WHAT YOU WILL DO -
All of the data below should be set down again verbatim, without any images.

Records excerpted from a collection:
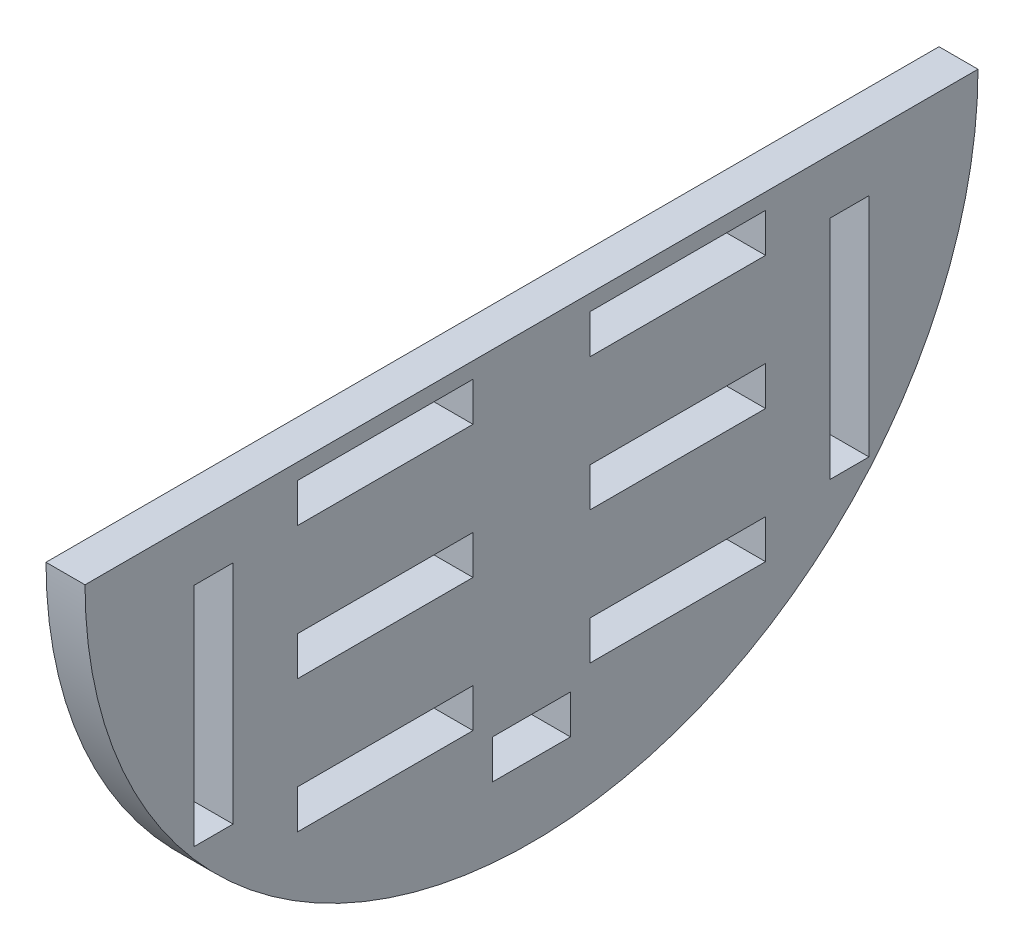
from build123d import *

# Parameters (mm, degrees)
SKETCH1_W           = 22.5
SKETCH1_H           = 5
SKETCH1_W_2         = 10
SKETCH1_W_3         = 5
SKETCH1_H_2         = 29
BOSS_EXTRUDE1_DEPTH = 5


with BuildPart() as part:
    # Sketch1 → Boss-Extrude1 (new body)
    with BuildSketch(Plane(origin=(0, 0, 0), x_dir=(0, 0, -1), z_dir=(1, 0, 0))):
        with BuildLine():
            Line((57.224821465, 0), (-57.224821465, 0))
            ThreePointArc((-57.224821465, 0), (0, -57.224821465), (57.224821465, 0))
        make_face()
        with Locations((-18.75, -38.548791642)):
            Rectangle(SKETCH1_W, SKETCH1_H, mode=Mode.SUBTRACT)
        with Locations((0, -45.5)):
            Rectangle(SKETCH1_W_2, SKETCH1_H, mode=Mode.SUBTRACT)
        with Locations((18.75, -38.548791642)):
            Rectangle(SKETCH1_W, SKETCH1_H, mode=Mode.SUBTRACT)
        with Locations((-40.75, -21.548791642)):
            Rectangle(SKETCH1_W_3, SKETCH1_H_2, mode=Mode.SUBTRACT)
        with Locations((-18.75, -21.548791642)):
            Rectangle(SKETCH1_W, SKETCH1_H, mode=Mode.SUBTRACT)
        with Locations((-18.75, -4.548791642)):
            Rectangle(SKETCH1_W, SKETCH1_H, mode=Mode.SUBTRACT)
        with Locations((40.75, -21.548791642)):
            Rectangle(SKETCH1_W_3, SKETCH1_H_2, mode=Mode.SUBTRACT)
        with Locations((18.75, -21.548791642)):
            Rectangle(SKETCH1_W, SKETCH1_H, mode=Mode.SUBTRACT)
        with Locations((18.75, -4.548791642)):
            Rectangle(SKETCH1_W, SKETCH1_H, mode=Mode.SUBTRACT)
    extrude(amount=BOSS_EXTRUDE1_DEPTH)


solid = part.part

YOUR SOLUTION -
from build123d import *

# Parameters (mm, degrees)
SKETCH1_W           = 22.5
SKETCH1_H           = 5
SKETCH1_W_2         = 10
SKETCH1_W_3         = 5
SKETCH1_H_2         = 29
BOSS_EXTRUDE1_DEPTH = 5


with BuildPart() as part:
    # Sketch1 → Boss-Extrude1 (new body)
    with BuildSketch(Plane(origin=(0, 0, 0), x_dir=(0, 0, -1), z_dir=(1, 0, 0))):
        with BuildLine():
            Line((57.224821465, 0), (-57.224821465, 0))
            ThreePointArc((-57.224821465, 0), (0, -57.224821465), (57.224821465, 0))
        make_face()
        with Locations((-18.75, -38.548791642)):
            Rectangle(SKETCH1_W, SKETCH1_H, mode=Mode.SUBTRACT)
        with Locations((0, -45.5)):
            Rectangle(SKETCH1_W_2, SKETCH1_H, mode=Mode.SUBTRACT)
        with Locations((18.75, -38.548791642)):
            Rectangle(SKETCH1_W, SKETCH1_H, mode=Mode.SUBTRACT)
        with Locations((-40.75, -21.548791642)):
            Rectangle(SKETCH1_W_3, SKETCH1_H_2, mode=Mode.SUBTRACT)
        with Locations((-18.75, -21.548791642)):
            Rectangle(SKETCH1_W, SKETCH1_H, mode=Mode.SUBTRACT)
        with Locations((-18.75, -4.548791642)):
            Rectangle(SKETCH1_W, SKETCH1_H, mode=Mode.SUBTRACT)
        with Locations((40.75, -21.548791642)):
            Rectangle(SKETCH1_W_3, SKETCH1_H_2, mode=Mode.SUBTRACT)
        with Locations((18.75, -21.548791642)):
            Rectangle(SKETCH1_W, SKETCH1_H, mode=Mode.SUBTRACT)
        with Locations((18.75, -4.548791642)):
            Rectangle(SKETCH1_W, SKETCH1_H, mode=Mode.SUBTRACT)
    extrude(amount=BOSS_EXTRUDE1_DEPTH)


solid = part.part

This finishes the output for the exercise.